Why? Here are some reasons:
Starting SSIS packages in parallel is very easy to accomplish in the SSIS Catalog. The SYNCHRONIZED execution parameter is False by default, and that means we could build a controller package similar to the SerialControllerInFrameworkCE.dtsx SSIS package – with precedence constraints between each Execute SQL Task, even – and the SSIS Catalog would start the packages in rapid succession. In some scenarios – such as the scenario discussed in the first section of this post – this then becomes a race condition engine.
Because controlling only when packages start is not enough to effectively manage race conditions. To mitigate the race condition described earlier I need to make sure the dimension loaders complete before starting the fact loaders. A (much simplified) Controller for such a process could appear as shown here (click to enlarge):
I grabbed this screenshot after the dimension loader and some (vague) pre-operations process have completed in parallel, but while the fact loader is still executing. Please note the combination of the Sequence Container and precedence constraint which ensure the fact loader does not start executing until the dimension loader execution is complete. The sequence container creates a “virtual step” whereby all tasks within the container must complete before the sequence container evaluates the precedence constraint. Since each task inside this container starts an SSIS package (and since the SYNCHRONIZED execution parameter is set to True by default in SSIS Framework Community Edition), nothing downstream of this container can begin executing until everything inside the container has completed executing. This is how we avoid the race condition scenario described earlier.
How does one automate this process in a framework?
It’s not simple.
The method Kent and I devised was to create and operate upon metadata used to define and configure a “virtual step.” In SSIS Framework Community Edition the Application Packages table is where we store the Execution Order attribute. We reasoned if two Application Package entities shared the same value for Execution Order, the associated package(s) (I’m leaving out some complexity in the design here, but imagine executing the same package in parallel with itself…) compose a virtual step.
In a virtual step the packages would start together, execute, and not proceed to the next virtual step – which could be another serial package execution or another collection of packages executing in parallel in yet another virtual step – until all packages in the current virtual step had completed execution. Here, again, I gloss over even more complexity regarding fault tolerance – we added metadata to configure whether a virtual step should fail if an individual package execution failed.
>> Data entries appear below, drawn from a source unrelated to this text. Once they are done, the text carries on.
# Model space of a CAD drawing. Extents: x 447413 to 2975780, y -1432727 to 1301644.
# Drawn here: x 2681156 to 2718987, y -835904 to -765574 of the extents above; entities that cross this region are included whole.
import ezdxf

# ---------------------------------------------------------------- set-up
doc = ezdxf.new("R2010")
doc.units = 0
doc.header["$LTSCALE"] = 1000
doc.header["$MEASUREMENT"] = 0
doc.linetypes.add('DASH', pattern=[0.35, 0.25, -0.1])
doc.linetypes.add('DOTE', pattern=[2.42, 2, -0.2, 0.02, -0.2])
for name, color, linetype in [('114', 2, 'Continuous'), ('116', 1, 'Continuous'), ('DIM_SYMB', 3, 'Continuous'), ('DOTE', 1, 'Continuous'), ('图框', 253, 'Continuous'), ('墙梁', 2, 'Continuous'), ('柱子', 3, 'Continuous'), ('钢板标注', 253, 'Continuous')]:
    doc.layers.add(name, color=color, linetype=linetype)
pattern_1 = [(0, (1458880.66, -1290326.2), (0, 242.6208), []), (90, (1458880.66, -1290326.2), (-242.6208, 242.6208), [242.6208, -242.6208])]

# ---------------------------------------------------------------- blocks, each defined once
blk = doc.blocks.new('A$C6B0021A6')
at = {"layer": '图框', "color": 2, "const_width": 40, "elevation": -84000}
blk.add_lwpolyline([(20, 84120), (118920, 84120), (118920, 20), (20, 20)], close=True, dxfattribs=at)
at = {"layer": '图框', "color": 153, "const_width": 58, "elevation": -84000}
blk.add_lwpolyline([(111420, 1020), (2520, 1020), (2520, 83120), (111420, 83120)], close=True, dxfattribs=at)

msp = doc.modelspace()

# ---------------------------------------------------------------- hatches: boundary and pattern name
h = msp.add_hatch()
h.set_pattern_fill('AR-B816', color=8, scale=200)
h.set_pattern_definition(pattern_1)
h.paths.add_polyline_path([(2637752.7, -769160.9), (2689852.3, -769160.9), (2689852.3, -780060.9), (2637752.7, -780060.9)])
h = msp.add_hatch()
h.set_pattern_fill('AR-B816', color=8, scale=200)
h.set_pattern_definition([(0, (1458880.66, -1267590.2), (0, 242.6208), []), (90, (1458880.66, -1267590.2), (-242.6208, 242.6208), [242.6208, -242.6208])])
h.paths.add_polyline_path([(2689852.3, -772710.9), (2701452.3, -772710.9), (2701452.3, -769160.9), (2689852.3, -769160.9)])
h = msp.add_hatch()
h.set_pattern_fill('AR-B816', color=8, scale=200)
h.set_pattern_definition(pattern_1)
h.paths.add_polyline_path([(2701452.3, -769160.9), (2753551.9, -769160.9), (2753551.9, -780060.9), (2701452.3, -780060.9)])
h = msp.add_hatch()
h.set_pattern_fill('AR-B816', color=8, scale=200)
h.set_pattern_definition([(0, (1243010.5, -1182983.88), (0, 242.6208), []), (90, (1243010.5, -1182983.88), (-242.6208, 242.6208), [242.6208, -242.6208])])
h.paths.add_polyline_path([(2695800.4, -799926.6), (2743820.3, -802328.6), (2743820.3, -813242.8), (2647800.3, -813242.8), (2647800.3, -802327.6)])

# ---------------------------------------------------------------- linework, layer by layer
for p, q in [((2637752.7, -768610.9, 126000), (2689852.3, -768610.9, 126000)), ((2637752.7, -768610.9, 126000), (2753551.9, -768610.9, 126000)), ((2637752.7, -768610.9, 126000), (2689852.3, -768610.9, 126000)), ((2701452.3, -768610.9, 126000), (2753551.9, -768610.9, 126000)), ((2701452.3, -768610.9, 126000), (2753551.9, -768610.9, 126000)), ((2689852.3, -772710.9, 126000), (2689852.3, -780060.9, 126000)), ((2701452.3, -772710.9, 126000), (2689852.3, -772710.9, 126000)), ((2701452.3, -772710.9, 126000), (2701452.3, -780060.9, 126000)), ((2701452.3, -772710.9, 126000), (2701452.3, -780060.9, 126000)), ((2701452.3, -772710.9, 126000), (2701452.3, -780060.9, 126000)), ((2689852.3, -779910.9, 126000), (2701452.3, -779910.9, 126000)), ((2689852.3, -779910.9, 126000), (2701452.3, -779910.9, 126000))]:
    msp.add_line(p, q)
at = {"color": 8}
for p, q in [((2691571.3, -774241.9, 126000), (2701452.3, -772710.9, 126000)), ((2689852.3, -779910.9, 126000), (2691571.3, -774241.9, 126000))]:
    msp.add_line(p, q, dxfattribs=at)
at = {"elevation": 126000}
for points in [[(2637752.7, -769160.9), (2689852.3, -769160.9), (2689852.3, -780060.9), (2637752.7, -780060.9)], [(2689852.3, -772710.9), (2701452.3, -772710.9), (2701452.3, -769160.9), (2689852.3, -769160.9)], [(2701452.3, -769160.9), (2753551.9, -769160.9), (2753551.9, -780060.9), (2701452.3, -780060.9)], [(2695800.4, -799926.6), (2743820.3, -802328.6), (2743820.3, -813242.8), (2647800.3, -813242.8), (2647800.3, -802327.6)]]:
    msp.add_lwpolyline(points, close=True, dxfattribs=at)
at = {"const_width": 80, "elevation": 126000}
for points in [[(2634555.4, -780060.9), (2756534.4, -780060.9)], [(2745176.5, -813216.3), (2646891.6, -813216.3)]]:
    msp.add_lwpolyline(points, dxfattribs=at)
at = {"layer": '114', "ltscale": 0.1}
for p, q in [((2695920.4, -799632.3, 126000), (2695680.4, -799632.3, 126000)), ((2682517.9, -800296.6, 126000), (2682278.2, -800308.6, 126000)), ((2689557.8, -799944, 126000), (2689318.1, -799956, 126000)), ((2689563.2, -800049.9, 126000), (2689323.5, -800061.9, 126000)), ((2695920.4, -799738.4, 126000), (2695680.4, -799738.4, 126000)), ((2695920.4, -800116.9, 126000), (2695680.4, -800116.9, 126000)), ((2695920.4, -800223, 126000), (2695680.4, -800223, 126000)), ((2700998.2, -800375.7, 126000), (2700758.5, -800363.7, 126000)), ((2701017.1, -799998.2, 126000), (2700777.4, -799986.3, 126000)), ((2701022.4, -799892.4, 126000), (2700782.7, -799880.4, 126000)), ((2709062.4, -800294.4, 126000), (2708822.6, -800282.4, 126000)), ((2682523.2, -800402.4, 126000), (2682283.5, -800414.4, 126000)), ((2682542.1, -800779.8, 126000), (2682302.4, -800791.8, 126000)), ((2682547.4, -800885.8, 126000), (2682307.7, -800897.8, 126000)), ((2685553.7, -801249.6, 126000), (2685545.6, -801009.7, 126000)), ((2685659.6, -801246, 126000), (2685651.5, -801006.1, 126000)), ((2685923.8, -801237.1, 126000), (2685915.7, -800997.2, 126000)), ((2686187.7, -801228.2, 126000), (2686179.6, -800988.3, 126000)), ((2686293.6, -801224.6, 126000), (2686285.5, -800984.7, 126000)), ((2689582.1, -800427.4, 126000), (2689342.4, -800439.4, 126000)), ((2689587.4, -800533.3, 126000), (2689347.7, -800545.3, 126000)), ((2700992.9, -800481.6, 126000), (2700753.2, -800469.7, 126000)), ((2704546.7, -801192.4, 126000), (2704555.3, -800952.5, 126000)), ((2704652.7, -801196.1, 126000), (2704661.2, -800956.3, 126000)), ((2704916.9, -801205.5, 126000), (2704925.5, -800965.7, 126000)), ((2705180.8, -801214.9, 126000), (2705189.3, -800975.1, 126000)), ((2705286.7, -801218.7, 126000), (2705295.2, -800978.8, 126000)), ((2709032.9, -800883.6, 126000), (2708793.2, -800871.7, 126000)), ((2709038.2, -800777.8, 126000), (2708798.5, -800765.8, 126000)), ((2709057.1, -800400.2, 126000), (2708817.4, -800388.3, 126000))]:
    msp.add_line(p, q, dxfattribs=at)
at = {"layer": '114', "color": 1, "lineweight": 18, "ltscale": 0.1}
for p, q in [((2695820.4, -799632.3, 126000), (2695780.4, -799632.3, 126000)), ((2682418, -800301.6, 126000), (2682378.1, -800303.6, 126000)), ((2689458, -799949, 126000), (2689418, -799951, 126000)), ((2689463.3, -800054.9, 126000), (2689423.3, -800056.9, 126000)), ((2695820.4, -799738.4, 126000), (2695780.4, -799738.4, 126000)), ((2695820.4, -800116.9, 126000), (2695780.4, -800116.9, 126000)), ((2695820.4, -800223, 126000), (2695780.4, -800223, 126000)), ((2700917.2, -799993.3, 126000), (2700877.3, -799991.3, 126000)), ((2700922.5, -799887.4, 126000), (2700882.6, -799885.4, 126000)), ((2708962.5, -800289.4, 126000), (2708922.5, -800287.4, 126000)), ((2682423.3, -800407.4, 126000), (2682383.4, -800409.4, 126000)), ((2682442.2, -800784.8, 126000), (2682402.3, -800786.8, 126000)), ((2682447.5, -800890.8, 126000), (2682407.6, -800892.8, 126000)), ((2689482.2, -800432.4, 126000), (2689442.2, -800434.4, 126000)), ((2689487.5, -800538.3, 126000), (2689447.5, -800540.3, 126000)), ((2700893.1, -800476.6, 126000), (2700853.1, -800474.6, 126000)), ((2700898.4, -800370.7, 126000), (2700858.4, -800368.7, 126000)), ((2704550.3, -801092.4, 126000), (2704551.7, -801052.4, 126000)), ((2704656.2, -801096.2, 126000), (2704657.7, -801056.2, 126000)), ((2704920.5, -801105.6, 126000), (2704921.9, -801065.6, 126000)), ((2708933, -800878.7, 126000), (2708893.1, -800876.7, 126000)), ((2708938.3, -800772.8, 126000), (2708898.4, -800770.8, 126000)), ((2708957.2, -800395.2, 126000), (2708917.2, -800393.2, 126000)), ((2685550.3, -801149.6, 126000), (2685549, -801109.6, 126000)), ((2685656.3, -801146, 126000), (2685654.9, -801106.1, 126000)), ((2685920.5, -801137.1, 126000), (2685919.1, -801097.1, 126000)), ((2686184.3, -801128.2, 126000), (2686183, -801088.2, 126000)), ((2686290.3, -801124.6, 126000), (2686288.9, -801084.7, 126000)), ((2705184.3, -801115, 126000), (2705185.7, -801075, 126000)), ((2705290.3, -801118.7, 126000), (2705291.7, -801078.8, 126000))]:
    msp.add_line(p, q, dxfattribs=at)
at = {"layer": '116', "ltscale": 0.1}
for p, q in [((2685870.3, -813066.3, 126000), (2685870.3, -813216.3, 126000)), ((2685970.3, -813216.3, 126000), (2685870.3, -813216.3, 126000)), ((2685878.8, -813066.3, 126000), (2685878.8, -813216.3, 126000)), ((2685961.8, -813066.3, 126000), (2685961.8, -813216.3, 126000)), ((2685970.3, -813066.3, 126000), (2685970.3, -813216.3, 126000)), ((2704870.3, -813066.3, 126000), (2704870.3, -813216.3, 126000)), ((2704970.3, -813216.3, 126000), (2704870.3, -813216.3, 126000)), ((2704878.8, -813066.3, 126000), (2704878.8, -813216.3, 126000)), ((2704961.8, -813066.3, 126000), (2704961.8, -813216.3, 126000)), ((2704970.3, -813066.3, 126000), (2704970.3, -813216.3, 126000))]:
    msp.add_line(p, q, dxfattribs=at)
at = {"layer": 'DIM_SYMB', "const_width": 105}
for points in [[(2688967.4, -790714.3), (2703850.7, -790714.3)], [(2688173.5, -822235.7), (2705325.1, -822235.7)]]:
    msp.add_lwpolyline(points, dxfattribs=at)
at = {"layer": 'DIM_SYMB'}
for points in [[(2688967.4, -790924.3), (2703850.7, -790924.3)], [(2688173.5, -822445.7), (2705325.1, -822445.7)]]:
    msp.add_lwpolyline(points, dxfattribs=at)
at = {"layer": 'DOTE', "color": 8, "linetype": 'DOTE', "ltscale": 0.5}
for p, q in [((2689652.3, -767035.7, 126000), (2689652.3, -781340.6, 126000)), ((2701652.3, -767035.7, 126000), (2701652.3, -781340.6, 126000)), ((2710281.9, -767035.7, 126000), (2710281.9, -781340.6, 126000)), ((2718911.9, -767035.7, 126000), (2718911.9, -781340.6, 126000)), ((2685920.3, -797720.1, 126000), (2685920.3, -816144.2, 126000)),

This was but one of our designs (we tried three). We learned managing execution dependency in a framework is not trivial. We opted instead to share the Controller pattern.
In this post I wrote about some data integration theory. I also answered a question I regularly receive about performing parallel loads using SSIS Framework Community Edition. I finally covered some of the challenges of automating a solution to manage parallel execution of SSIS packages in a Framework.